Antes de começar seu show, ligou para Renata Carvalho e, depois, em frente à multidão de Garanhuns, entre vários hits, como Nobre Vagabundo, Swing da Cor e o Canto da Cidade, reforçou a importância de resistir ao conservadorismo e de respeitar os direitos de todos.

“Ela é Jesus, sim. Jesus Cristou, eu estou aqui, sou gay, sou lésbica. E daí?”, reforçou antes de entoar Tempo Perdido, de Renato Russo. A artista disse ainda que é religiosa, mas que a bíblia não é a Constituição não se pode proibir ou conceituar o que é ou não arte por convicções religiosas. Ela chamou ao palco o ator pernambucano Armando Babaioff, que também fez fala contra a censura. Daniela ainda beijou a esposa, Malu Verçosa, e projetou imagens do casal no telão.

Como já é sua marca, a artista fez uma apresentação de fôlego, que mobilizou o público. A catarse coletiva, a alegria, em um momento social tão tenso, foi também um ato político.

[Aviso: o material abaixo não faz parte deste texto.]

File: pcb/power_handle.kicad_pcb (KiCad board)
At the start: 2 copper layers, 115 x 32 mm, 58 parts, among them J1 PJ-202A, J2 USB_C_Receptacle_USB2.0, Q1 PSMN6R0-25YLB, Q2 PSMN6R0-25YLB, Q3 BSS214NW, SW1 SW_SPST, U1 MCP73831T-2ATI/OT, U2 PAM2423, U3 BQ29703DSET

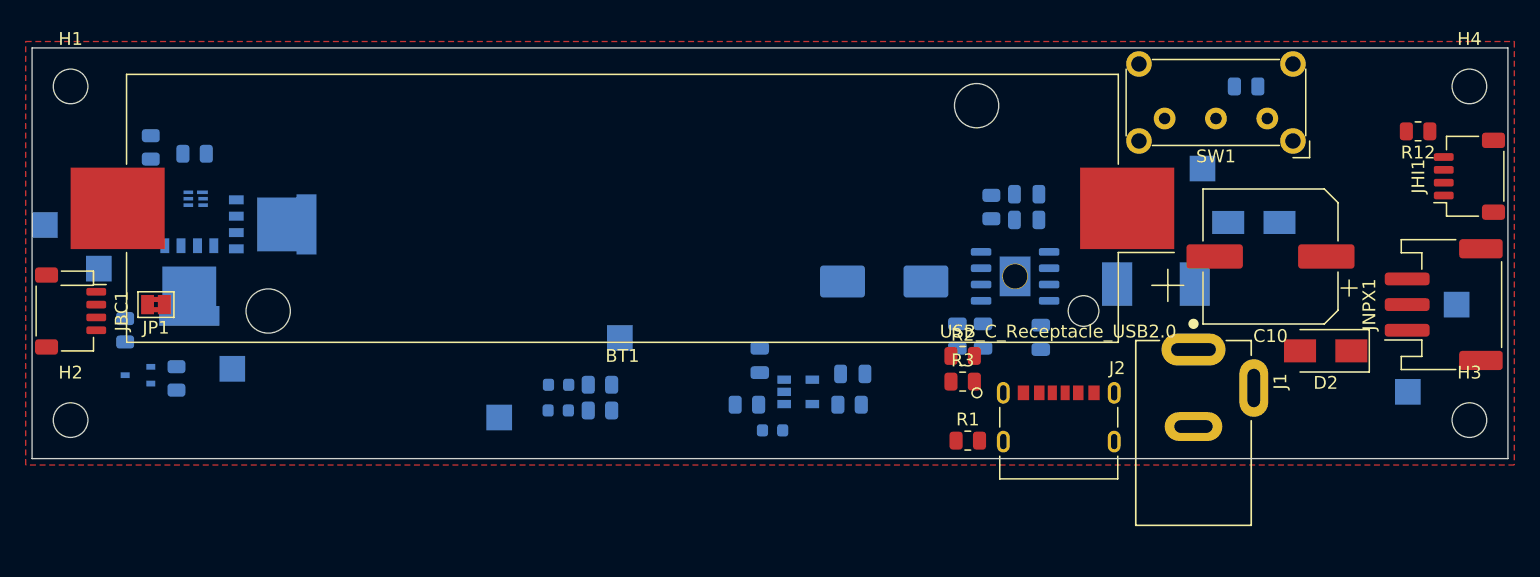
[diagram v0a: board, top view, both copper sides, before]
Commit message: pcb: redo power handle layout
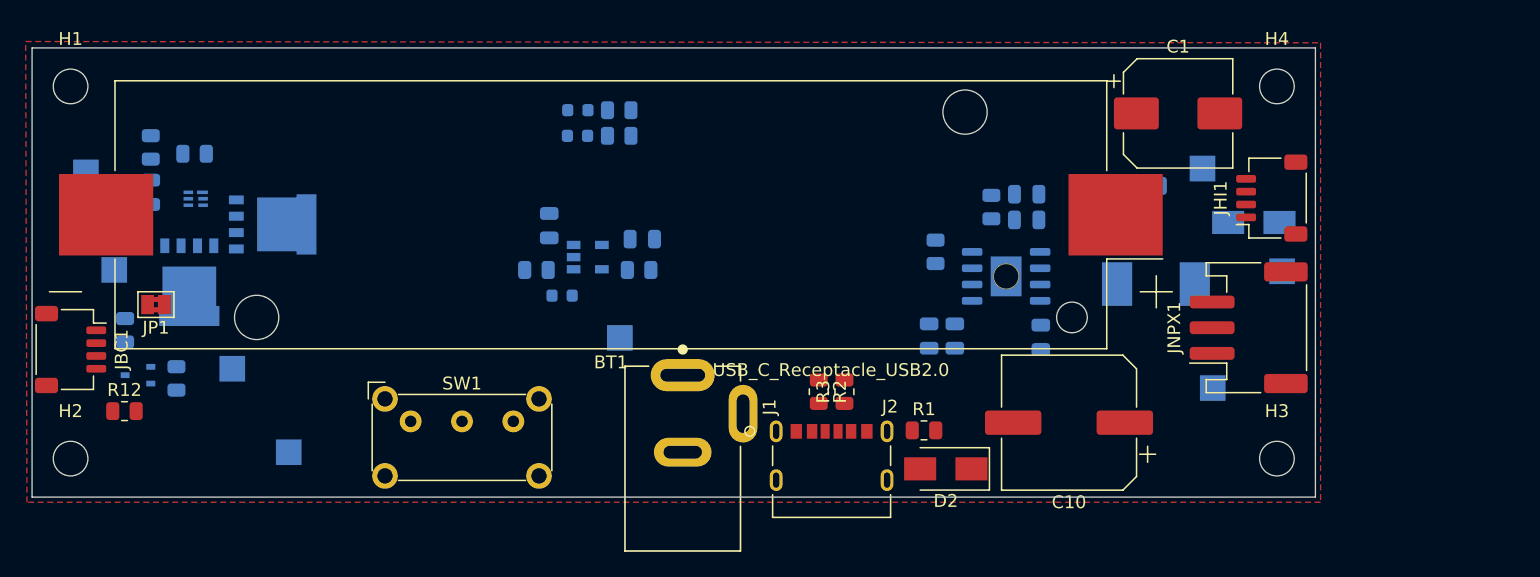
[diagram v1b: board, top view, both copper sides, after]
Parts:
- C1: moved to F.Cu
- moved R12 103.1 mm to (7.20, 28.3), turned to 0 degrees
- moved SW1 70.8 mm to (29.5, 29.1), turned to 0 degrees
- moved J1 39.9 mm to (50.7, 32.0)
- moved D2 31.0 mm to (71.2, 32.8)
- moved R5 27.4 mm to (70.4, 15.9), turned to 270 degrees
- moved C1 26.4 mm to (89.3, 5.10), turned to 0 degrees
- moved D5 21.5 mm to (42.5, 6.85)
- moved D6 21.5 mm to (42.5, 4.85)
- moved R15 21.5 mm to (45.8, 6.85)
- moved R16 21.5 mm to (45.8, 4.85)
- moved C10 20.4 mm to (80.8, 29.2)
- moved C6 19.5 mm to (47.5, 14.9)
- moved C7 19.5 mm to (40.3, 13.8)
- moved D3 19.5 mm to (41.3, 19.3)
- moved R4 19.5 mm to (47.3, 17.3)
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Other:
- board size 115 x 32 mm -> 100 x 35 mm

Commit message: pcb: finish routing of power handle
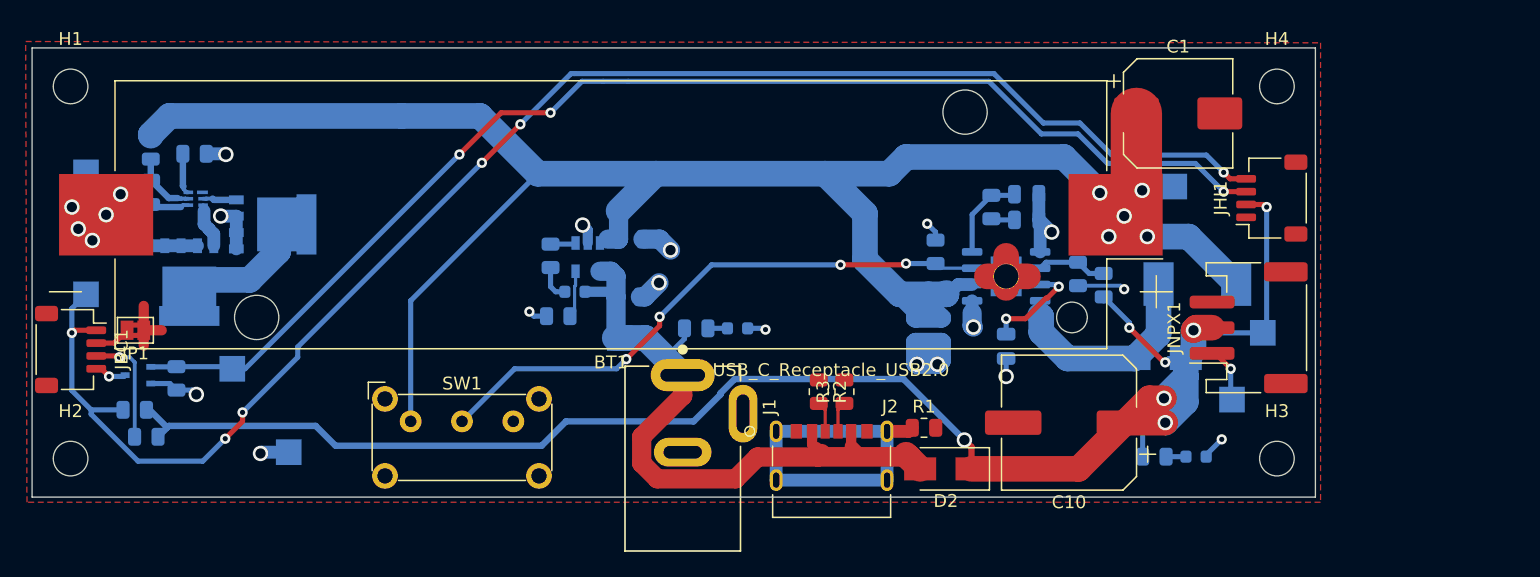
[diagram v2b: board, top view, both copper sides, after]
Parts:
- R12: moved to B.Cu
- moved D5 54.3 mm to (90.7, 31.9), turned to 180 degrees
- moved R15 48.6 mm to (87.5, 31.9), turned to 180 degrees
- moved D6 21.1 mm to (55.0, 21.9), turned to 180 degrees
- moved R16 18.0 mm to (51.8, 21.9), turned to 180 degrees
- moved D4 12.9 mm to (87.9, 24.2)
- moved R9 8.79 mm to (81.5, 17.6), turned to 90 degrees
- moved R13 8.46 mm to (8.90, 30.3), turned to 0 degrees
- moved R8 7.74 mm to (83.5, 18.5), turned to 270 degrees
- moved R4 7.26 mm to (41.0, 20.9), turned to 180 degrees
- moved C7 6.44 mm to (46.6, 14.9), turned to 0 degrees
- moved TP1 5.03 mm to (95.9, 22.2)
- moved C6 4.63 mm to (46.5, 19.4)
- moved L1 3.22 mm to (90.8, 18.4)
- moved TP6 2.91 mm to (4.20, 19.2)
- moved C8 2.79 mm to (75.9, 23.2)
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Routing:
- net +BATT: track 0.00 -> 164.3 mm, vias 0 -> 5
- net VCC: track 0.00 -> 135.5 mm, vias 0 -> 7
- net BTN+: track 0.00 -> 123.2 mm, vias 0 -> 6
- net IC_BTN_LED: track 0.00 -> 98.3 mm, vias 0 -> 3
- net VBUS: track 0.00 -> 62.7 mm
- net GND: track 0.00 -> 56.9 mm, vias 0 -> 17
- net OUTEN: track 0.00 -> 45.5 mm, vias 0 -> 4
- net -BATT: track 0.00 -> 27.9 mm, vias 0 -> 5
- net Net-(J2-PadS1): track 0.00 -> 27.0 mm
- net Net-(D4-Pad2): track 0.00 -> 17.4 mm
- net Net-(Q1-Pad5): track 0.00 -> 10.2 mm
- net LED+: track 0.00 -> 9.01 mm, vias 0 -> 1
- net Net-(C8-Pad2): track 0.00 -> 7.85 mm, vias 0 -> 2
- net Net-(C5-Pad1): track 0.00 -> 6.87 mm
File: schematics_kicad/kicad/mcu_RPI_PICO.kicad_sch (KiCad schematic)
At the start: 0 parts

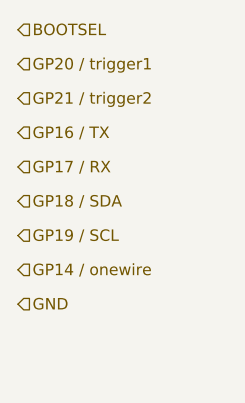
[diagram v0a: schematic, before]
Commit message: FUT_UART_LOOPBACK: LOLIN_D1_MINI, LOLIN_C3_MINI
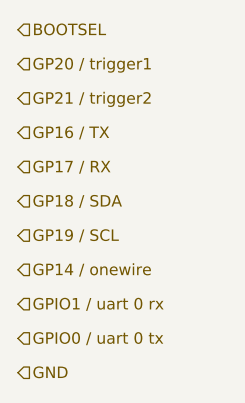
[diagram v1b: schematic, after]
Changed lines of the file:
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@@
 		(comment 1 "The MIT License (MIT)")
+	)
+	(hierarchical_label "GPIO1 {slash} uart 0 rx"
+		(shape input)
+		(at 82.55 91.44 0)
+		(fields_autoplaced yes)
+		(effects
+			(font
+				(size 1.27 1.27)
+			)
+			(justify left)
+		)
 	)
 	(hierarchical_label "GND"
 		(shape input)
-		(at 82.55 91.44 0)
+		(at 82.55 99.06 0)
 		(fields_autoplaced yes)
 		(effects
@@
 		(fields_autoplaced yes)
 		(effects
+			(font
+				(size 1.27 1.27)
+			)
+			(justify left)
+		)
+	)
+	(hierarchical_label "GPIO0 {slash} uart 0 tx"
+		(shape input)
+		(at 82.55 95.25 0)
+		(fields_autoplaced yes)
+		(effects
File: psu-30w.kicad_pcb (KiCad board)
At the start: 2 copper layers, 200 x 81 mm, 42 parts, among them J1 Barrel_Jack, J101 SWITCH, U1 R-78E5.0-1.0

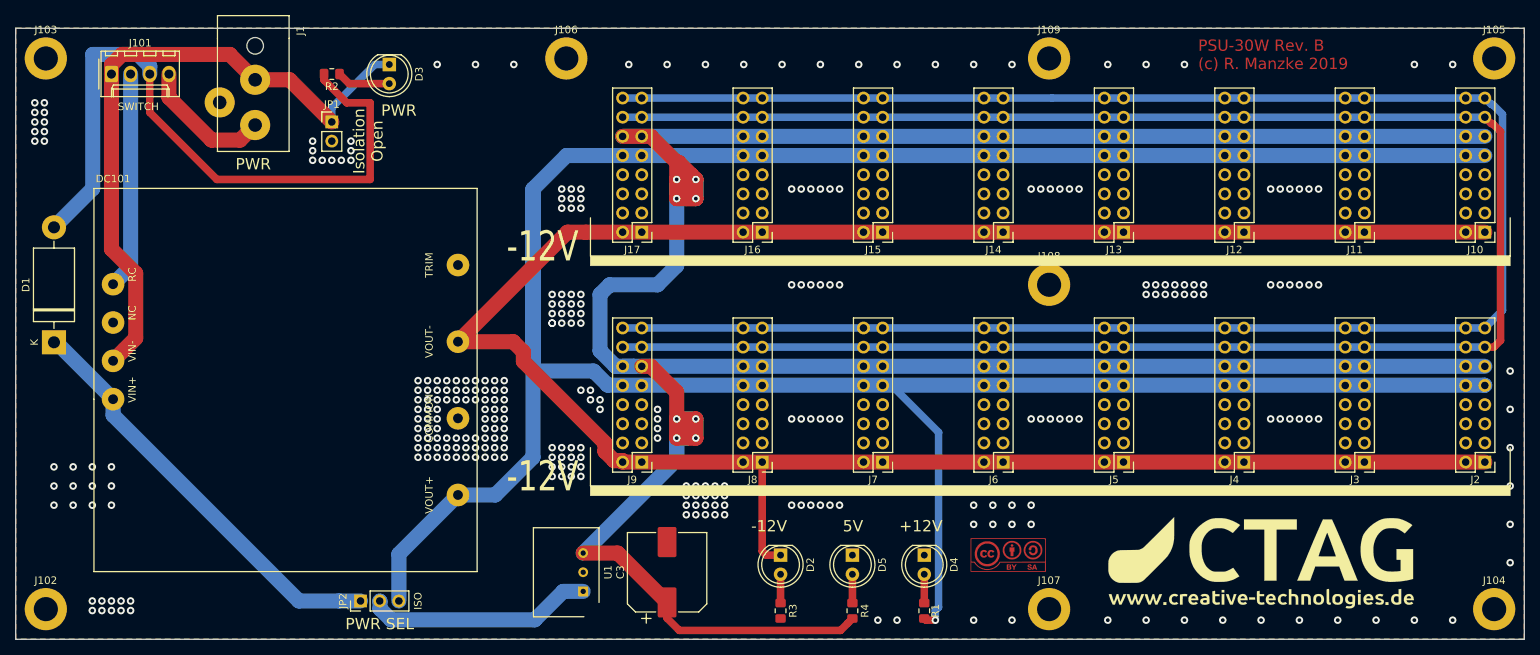
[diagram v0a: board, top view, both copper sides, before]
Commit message: adaptations + simplifications
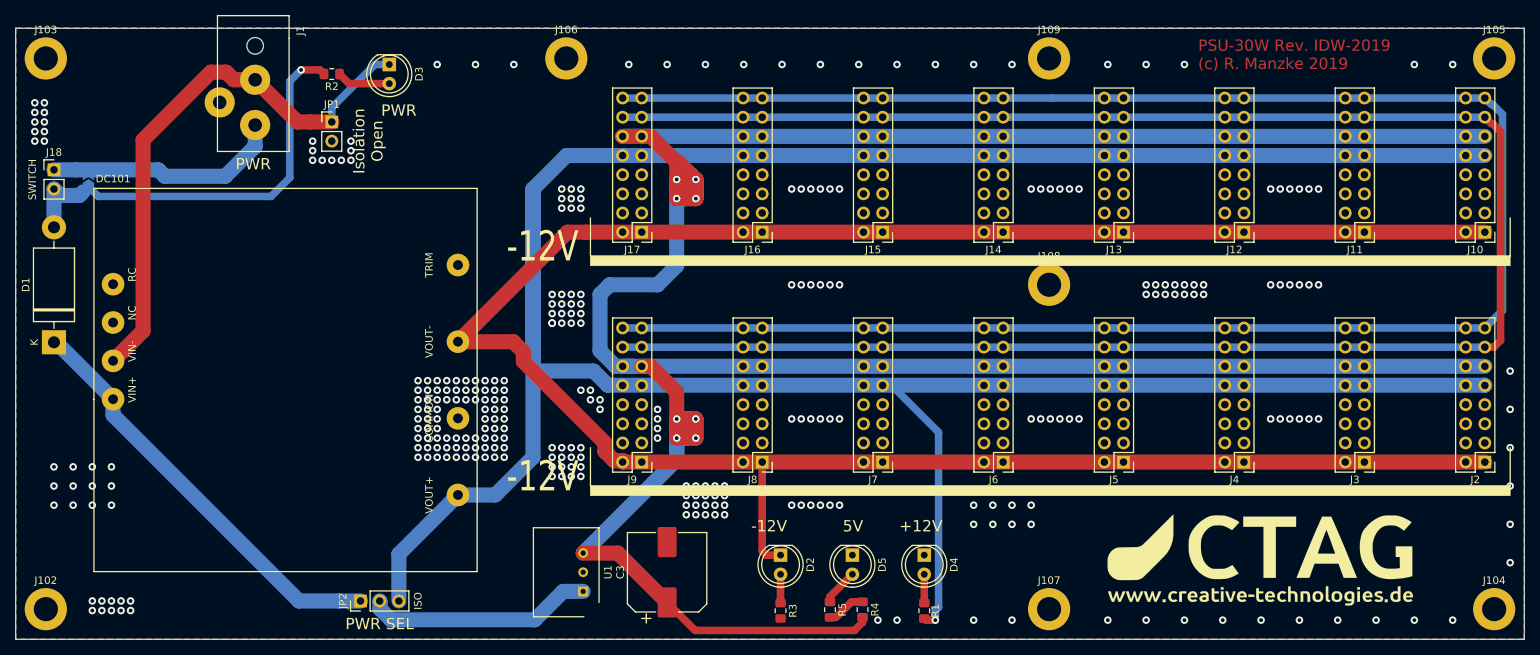
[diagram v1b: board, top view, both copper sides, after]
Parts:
- removed the G*** at (182.6, 118.8)
- removed J101: SWITCH, Connector_Molex:Molex_KK-254_AE-6410-04A_1x04_P2.54mm_Vertical
- added J18: Power Switch Option, Connector_PinHeader_2.54mm:PinHeader_1x02_P2.54mm_Vertical, F.Cu at (56.1, 67.8)
- added JP3: Solder Jumper, Jumper:SolderJumper-2_P1.3mm_Open_TrianglePad1.0x1.5mm, B.Cu at (60.7, 69.3)
- added R5: 4k7, Resistor_SMD:R_0805_2012Metric_Pad1.15x1.40mm_HandSolder, F.Cu at (158.9, 126.1)
- R1, R2, R3: value 560 -> 4k7
- R4: value 180 -> 4k7
- moved R4 1.35 mm to (163.3, 126.1)
- moved G*** 0.38 mm to (216.0, 119.5)
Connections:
- DC101 pad 1: Net-(DC101-Pad1) -> (no net)
- R4 pad 1: Net-(D5-Pad2) -> Net-(R4-Pad1)
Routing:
- net Net-(D1-Pad2): track 90.6 -> 55.9 mm, vias 0 -> 1
- net Net-(DC101-Pad1): track 28.8 -> 0.00 mm
- net Net-(J1-Pad1): track 17.7 -> 31.5 mm
- net Net-(D3-Pad1): track 87.2 -> 74.3 mm
- net Net-(R4-Pad1): track 0.00 -> 5.17 mm
- net Net-(D5-Pad2): track 3.81 -> 4.90 mm
- net +5V: track 411.5 -> 412.0 mm
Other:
- board text added: "PSU-30W Rev. IDW-2019 (c) R. Manzke 2019"
- board text removed: "PSU-30W Rev. B (c) R. Manzke 2019"

Antes de Daniela Mercury, Pedro Luís apresentou Pérolas Negras, show em homenagem a Luiz Melodia. Além da canção homônima, o músico, acompanhado por Élcio Cáfaro (Bateria), Miguel Dias (baixo) e Pedro Fonseca (teclado) entoou faixas como Estácio, Holly Estácio e Magrelinha. A noite de sábado do FIG 2018 contou ainda com Flávio Venturini e o projeto MPBossas, com André Rio, Roberto Menescal e Luciano Magno.

SINGELO

Na Catedral, dentro da programação do Conservatório Pernambucano de Música, o sábado recebeu o show 10 Anos Sem Caymmi, com Danilo Caymmi (Voz e Flauta), Flávio Mendes (Violão), Itamar Assiere (Piano), Paulo Vicente (Bateria), Jefferson Lescowich (Baixo) e Nilson Raman (Mestre de Cerimônias). À noite, Ná e Dante Ozzetti, junto à cantora Patrícia Bastos, fizeram uma apresentação emocionante, interpretando o repertório autoral de Dante, como Musa da Música, Dentro  e Fora e Os Passionais.

PARA CARRERO

Homenageado deste ano na Praça da Palavra, espaço do FIG voltado para a literatura, Raimundo Carrero lançou, sábado, o livro Condenados à Vida (Cepe Editora). A obra reúne quatro livros do escritor: Maçã Agreste, Somos Pedras que se Consomem, O Amor Não Tem Bons Sentimentos e Tangolomango.

As atividades para o autor natural de Salgueiro começaram com a leitura dramatizada de Bernarda Soledade: A Tigre do Sertão, pelo grupo Violetas da Aurora, que se debruça sobre a obra de Raimundo. Em seguida, foi exibido o documentário Carrero, o Áspero Amável, de Luci Alcântara, que propõe uma imersão no processo criativo do artista e evidencia sua dedicação às letras.

“Toda vez que vejo esse livro fico muito feliz e penso que ali estão trinta anos da minha vida. É o testemunho de que eu existi. Na minha obra, tentei descobrir o mistério da vida”, afirmou.

Carrero conversou ainda com o jornalista e escritor Marcelo Pereira, editor deste JC e responsável pela fotobiografia A Fragmentação do Humano. Marcelo observou que a angústia é um sentimento muito presente no processo do escritor. “A literatura é acompanhada de grande angústia. Só duas coisas não me assustam: a loucura e a velhice”, ressaltou e disse ainda que seu maior sonho, agora, é escrever uma autobiografia.